Actually, he DID imply threats, with telling them "you will file charges".......

Granny-it is not the same as shoe sizes. At all. People seem to measure saddles however they want. there seem to be differing trains of thought, and Western measured differently than english, etc......In fact we had a thread here at one point. So, people easily measure the same thing and get different sizes. That is why it is critical that you know HOW they measured it, and the exact points they measured from. Same goes with gullet. That is JUST as much of an "Ify" thing, if not more.


----------



## PurpleMonkeyWrench (Jun 12, 2012)

franknbeans said:


> Actually, he DID imply threats, with telling them "you will file charges".......
> 
> Granny-it is not the same as shoe sizes. At all. People seem to measure saddles however they want. there seem to be differing trains of thought, and Western measured differently than english, etc......In fact we had a thread here at one point. So, people easily measure the same thing and get different sizes. That is why it is critical that you know HOW they measured it, and the exact points they measured from. Same goes with gullet. That is JUST as much of an "Ify" thing, if not more.
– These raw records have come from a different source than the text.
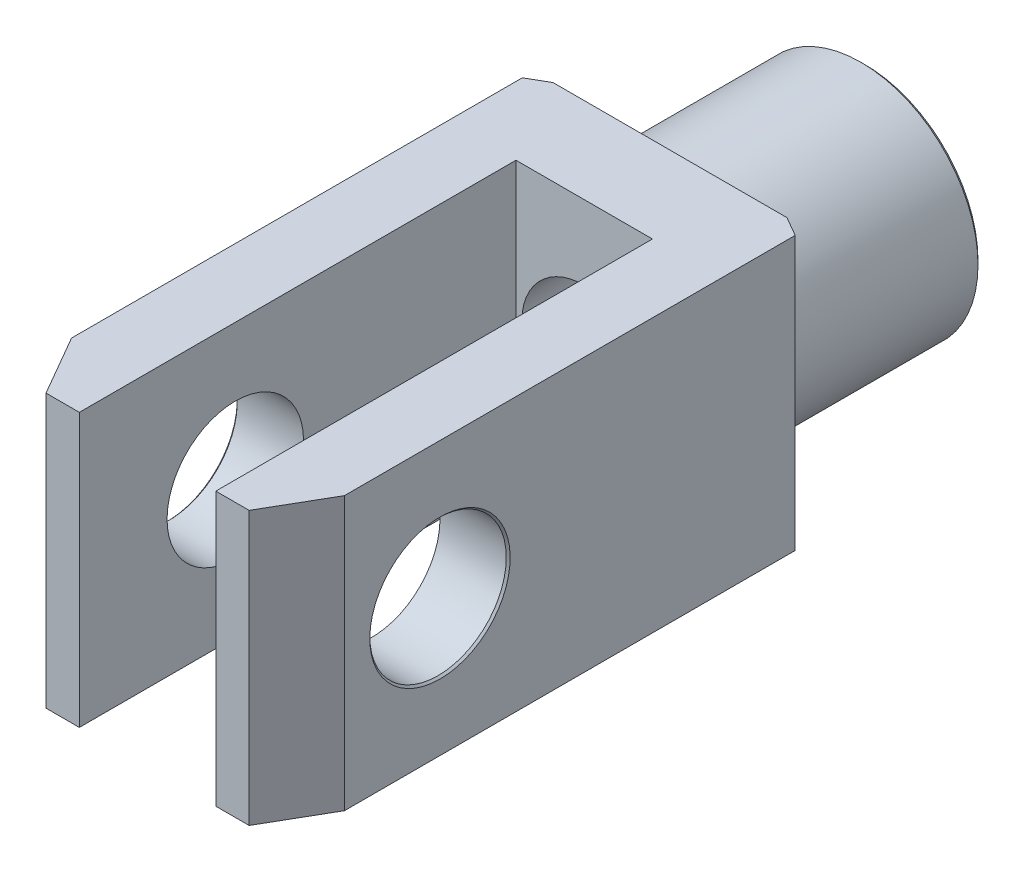
ISO-10303-21;
HEADER;
FILE_DESCRIPTION(('STEP AP214'),'2;1');
FILE_NAME('part.step','',(''),(''),'','','');
FILE_SCHEMA(('AUTOMOTIVE_DESIGN { 1 0 10303 214 1 1 1 1 }'));
ENDSEC;
DATA;
#1=APPLICATION_CONTEXT('core data for automotive mechanical design processes');
#2=APPLICATION_PROTOCOL_DEFINITION('international standard','automotive_design',2000,#1);
#3=PRODUCT_CONTEXT('',#1,'mechanical');
#4=PRODUCT('Part','Part','',(#3));
#5=PRODUCT_RELATED_PRODUCT_CATEGORY('part','',(#4));
#6=PRODUCT_DEFINITION_FORMATION('','',#4);
#7=PRODUCT_DEFINITION_CONTEXT('part definition',#1,'design');
#8=PRODUCT_DEFINITION('design','',#6,#7);
#9=PRODUCT_DEFINITION_SHAPE('','',#8);
#10=(LENGTH_UNIT() NAMED_UNIT(*) SI_UNIT(.MILLI.,.METRE.));
#11=(NAMED_UNIT(*) PLANE_ANGLE_UNIT() SI_UNIT($,.RADIAN.));
#12=(NAMED_UNIT(*) SI_UNIT($,.STERADIAN.) SOLID_ANGLE_UNIT());
#13=UNCERTAINTY_MEASURE_WITH_UNIT(LENGTH_MEASURE(1.E-05),#10,'distance_accuracy_value','');
#14=(GEOMETRIC_REPRESENTATION_CONTEXT(3) GLOBAL_UNCERTAINTY_ASSIGNED_CONTEXT((#13)) GLOBAL_UNIT_ASSIGNED_CONTEXT((#10,
#11,#12)) REPRESENTATION_CONTEXT('',''));
#15=CARTESIAN_POINT('',(0.,0.,0.));
#16=DIRECTION('',(0.,0.,1.));
#17=DIRECTION('',(1.,0.,0.));
#18=AXIS2_PLACEMENT_3D('',#15,#16,#17);
#19=CARTESIAN_POINT('',(0.,0.,50.));
#20=DIRECTION('',(0.,0.,1.));
#21=DIRECTION('',(1.,0.,0.));
#22=AXIS2_PLACEMENT_3D('',#19,#20,#21);
#23=PLANE('',#22);
#24=DIRECTION('',(1.,0.,0.));
#25=VECTOR('',#24,1.);
#26=CARTESIAN_POINT('',(-35.,-35.,50.));
#27=LINE('',#26,#25);
#28=CARTESIAN_POINT('',(-30.,-35.,50.));
#29=VERTEX_POINT('',#28);
#30=CARTESIAN_POINT('',(29.9999999999999,-35.,50.));
#31=VERTEX_POINT('',#30);
#32=EDGE_CURVE('E173',#29,#31,#27,.T.);
#33=ORIENTED_EDGE('',*,*,#32,.F.);
#34=DIRECTION('',(0.,1.,0.));
#35=VECTOR('',#34,1.);
#36=CARTESIAN_POINT('',(-30.,0.,50.));
#37=LINE('',#36,#35);
#38=CARTESIAN_POINT('',(-30.,0.,50.));
#39=VERTEX_POINT('',#38);
#40=EDGE_CURVE('E60',#29,#39,#37,.T.);
#41=ORIENTED_EDGE('',*,*,#40,.T.);
#42=CARTESIAN_POINT('',(0.,0.,50.));
#43=DIRECTION('',(0.,0.,1.));
#44=DIRECTION('',(1.,0.,0.));
#45=AXIS2_PLACEMENT_3D('',#42,#43,#44);
#46=CIRCLE('',#45,30.);
#47=CARTESIAN_POINT('',(30.,0.,50.));
#48=VERTEX_POINT('',#47);
#49=EDGE_CURVE('E200',#39,#48,#46,.T.);
#50=ORIENTED_EDGE('',*,*,#49,.T.);
#51=DIRECTION('',(0.,-1.,0.));
#52=VECTOR('',#51,1.);
#53=CARTESIAN_POINT('',(30.,0.,50.));
#54=LINE('',#53,#52);
#55=EDGE_CURVE('E257',#48,#31,#54,.T.);
#56=ORIENTED_EDGE('',*,*,#55,.T.);
#57=EDGE_LOOP('',(#33,#41,#50,#56));
#58=FACE_BOUND('',#57,.T.);
#59=ADVANCED_FACE('F38',(#58),#23,.F.);
#60=CARTESIAN_POINT('',(0.,0.,184.));
#61=DIRECTION('',(0.,0.,1.));
#62=DIRECTION('',(1.,0.,0.));
#63=AXIS2_PLACEMENT_3D('',#60,#61,#62);
#64=PLANE('',#63);
#65=DIRECTION('',(-1.,0.,0.));
#66=VECTOR('',#65,1.);
#67=CARTESIAN_POINT('',(-35.,35.,184.));
#68=LINE('',#67,#66);
#69=CARTESIAN_POINT('',(-17.5,35.,184.));
#70=VERTEX_POINT('',#69);
#71=CARTESIAN_POINT('',(-26.0510708275608,35.,184.));
#72=VERTEX_POINT('',#71);
#73=EDGE_CURVE('E180',#70,#72,#68,.T.);
#74=ORIENTED_EDGE('',*,*,#73,.T.);
#75=DIRECTION('',(0.,-1.,0.));
#76=VECTOR('',#75,1.);
#77=CARTESIAN_POINT('',(-26.0510708275608,-35.,184.));
#78=LINE('',#77,#76);
#79=CARTESIAN_POINT('',(-26.0510708275608,-35.,184.));
#80=VERTEX_POINT('',#79);
#81=EDGE_CURVE('E217',#72,#80,#78,.T.);
#82=ORIENTED_EDGE('',*,*,#81,.T.);
#83=DIRECTION('',(1.,0.,0.));
#84=VECTOR('',#83,1.);
#85=CARTESIAN_POINT('',(-35.,-35.,184.));
#86=LINE('',#85,#84);
#87=CARTESIAN_POINT('',(-17.5,-35.,184.));
#88=VERTEX_POINT('',#87);
#89=EDGE_CURVE('E178',#80,#88,#86,.T.);
#90=ORIENTED_EDGE('',*,*,#89,.T.);
#91=DIRECTION('',(0.,-1.,0.));
#92=VECTOR('',#91,1.);
#93=CARTESIAN_POINT('',(-17.5,35.,184.));
#94=LINE('',#93,#92);
#95=EDGE_CURVE('E141',#70,#88,#94,.T.);
#96=ORIENTED_EDGE('',*,*,#95,.F.);
#97=EDGE_LOOP('',(#74,#82,#90,#96));
#98=FACE_BOUND('',#97,.T.);
#99=ADVANCED_FACE('F300',(#98),#64,.T.);
#100=CARTESIAN_POINT('',(0.,0.,50.));
#101=DIRECTION('',(0.,0.,-1.));
#102=DIRECTION('',(-1.,0.,0.));
#103=AXIS2_PLACEMENT_3D('',#100,#101,#102);
#104=CYLINDRICAL_SURFACE('',#103,30.);
#105=CARTESIAN_POINT('',(0.,0.,1.00000000000003));
#106=DIRECTION('',(0.,0.,1.));
#107=DIRECTION('',(1.,0.,0.));
#108=AXIS2_PLACEMENT_3D('',#105,#106,#107);
#109=CIRCLE('',#108,30.);
#110=CARTESIAN_POINT('',(30.,0.,1.00000000000003));
#111=VERTEX_POINT('',#110);
#112=EDGE_CURVE('E238',#111,#111,#109,.T.);
#113=ORIENTED_EDGE('',*,*,#112,.T.);
#114=EDGE_LOOP('',(#113));
#115=FACE_BOUND('',#114,.T.);
#116=EDGE_CURVE('E201',#48,#39,#46,.T.);
#117=ORIENTED_EDGE('',*,*,#116,.F.);
#118=ORIENTED_EDGE('',*,*,#49,.F.);
#119=EDGE_LOOP('',(#117,#118));
#120=FACE_BOUND('',#119,.T.);
#121=ADVANCED_FACE('F323',(#115,#120),#104,.T.);
#122=CARTESIAN_POINT('',(0.,0.,0.));
#123=DIRECTION('',(0.,0.,1.));
#124=DIRECTION('',(1.,0.,0.));
#125=AXIS2_PLACEMENT_3D('',#122,#123,#124);
#126=PLANE('',#125);
#127=CARTESIAN_POINT('',(0.,0.,0.));
#128=DIRECTION('',(0.,0.,1.));
#129=DIRECTION('',(1.,0.,0.));
#130=AXIS2_PLACEMENT_3D('',#127,#128,#129);
#131=CIRCLE('',#130,18.);
#132=CARTESIAN_POINT('',(18.,0.,0.));
#133=VERTEX_POINT('',#132);
#134=EDGE_CURVE('E247',#133,#133,#131,.T.);
#135=ORIENTED_EDGE('',*,*,#134,.T.);
#136=EDGE_LOOP('',(#135));
#137=FACE_BOUND('',#136,.T.);
#138=CARTESIAN_POINT('',(0.,0.,0.));
#139=DIRECTION('',(0.,0.,1.));
#140=DIRECTION('',(1.,0.,0.));
#141=AXIS2_PLACEMENT_3D('',#138,#139,#140);
#142=CIRCLE('',#141,28.9999999999999);
#143=CARTESIAN_POINT('',(28.9999999999999,0.,0.));
#144=VERTEX_POINT('',#143);
#145=EDGE_CURVE('E241',#144,#144,#142,.F.);
#146=ORIENTED_EDGE('',*,*,#145,.T.);
#147=EDGE_LOOP('',(#146));
#148=FACE_BOUND('',#147,.T.);
#149=ADVANCED_FACE('F327',(#137,#148),#126,.F.);
#150=ORIENTED_EDGE('',*,*,#116,.T.);
#151=DIRECTION('',(0.,1.,0.));
#152=VECTOR('',#151,1.);
#153=CARTESIAN_POINT('',(-30.,0.,50.));
#154=LINE('',#153,#152);
#155=CARTESIAN_POINT('',(-30.,35.,50.));
#156=VERTEX_POINT('',#155);
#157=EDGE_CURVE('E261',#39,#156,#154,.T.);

those are not threats. telling someone you are going to file charges is not a threat rofl!!!! oh dear. I'd like to see you try to report to the police that someone called you saying they were going to file charges. "Um yes officer he said he was going to file charges!!" rofl oh dear god.


----------



## beau159 (Oct 4, 2010)

If you bought a saddle without getting pictures if the measurements, then I'm sorry that you had to learn a hard lesson. 

If you used EBay or PayPal, if you saved the item description, and take your own measurement pictures, you maybe can get your money back. 

If not, resell it yourself for $400
_Posted via Mobile Device_


----------



## Palomine (Oct 30, 2010)

I'd file claim if pp, cc or e-bay.

Could try to sell it. And may do so.

But I would at least inquire as to filing charges as it is interstate fraud possibly on seller's part.

For that matter? We don't know if this person had 10 of these saddles and simply sent her wrong size, the right one went to someone else and she just doesn't want to admit she is wrong.


----------



## GoGoJoeGranny (Dec 15, 2012)

FNB, I guess we will have to agree to disagree, I do see your point and do agree with many other things I see you post on HF. I just, for me, I back what I sell, whether I am right or wrong, I am old school, the customer, no matter how bad I want to choke them out, is always right. I know I work dang hard for my income so to feel duped in a situation like this, it's easy for me to take the side of the buyer. To me, taking back merchandise to resell to the right buyer that will be happy with it, that's just what I do. 
The internet sales to me are what kills local businesses. Like Americans can totally provides sales to one another, yet they come with no warranty, no guarantee, no returns, and yet these big corps, like Walmart, where nothing is made in the US, back their crappy products and that's where everyone decides to shop b/c at least when they are unhappy (justified or not), they feel like they are done right, to me, if I was the seller, it would be no big deal, I'd tell her to ship it back to me and I'd refund her. I'm already in the market to sell, so relisting wouldn't be a big deal and I'd already have the connections to re-sell. And MAYBE, she'd come back and buy a halter, or something, knowing I offered great customer service, which in the end, would cover my loss of returning the original product. Plus, she might tell a friend how easy it was to deal with the "dreadful" return process, who needed 10 new blankets for her barn come winter. 
But again, I will agree to disagree on this one, to each his own, and now I know I won't ever shop E-Bay for horse stuff LOL ;-)


franknbeans said:


> Granny-it is not the same as shoe sizes. At all. People seem to measure saddles however they want. there seem to be differing trains of thought, and Western measured differently than english, etc......In fact we had a thread here at one point. So, people easily measure the same thing and get different sizes. That is why it is critical that you know HOW they measured it, and the exact points they measured from. Same goes with gullet. That is JUST as much of an "Ify" thing, if not more.


----------



## franknbeans (Jun 7, 2007)

PurpleMonkeyWrench said:


> those are not threats. telling someone you are going to file charges is not a threat rofl!!!! oh dear. I'd like to see you try to report to the police that someone called you saying they were going to file charges. "Um yes officer he said he was going to file charges!!" rofl oh dear god.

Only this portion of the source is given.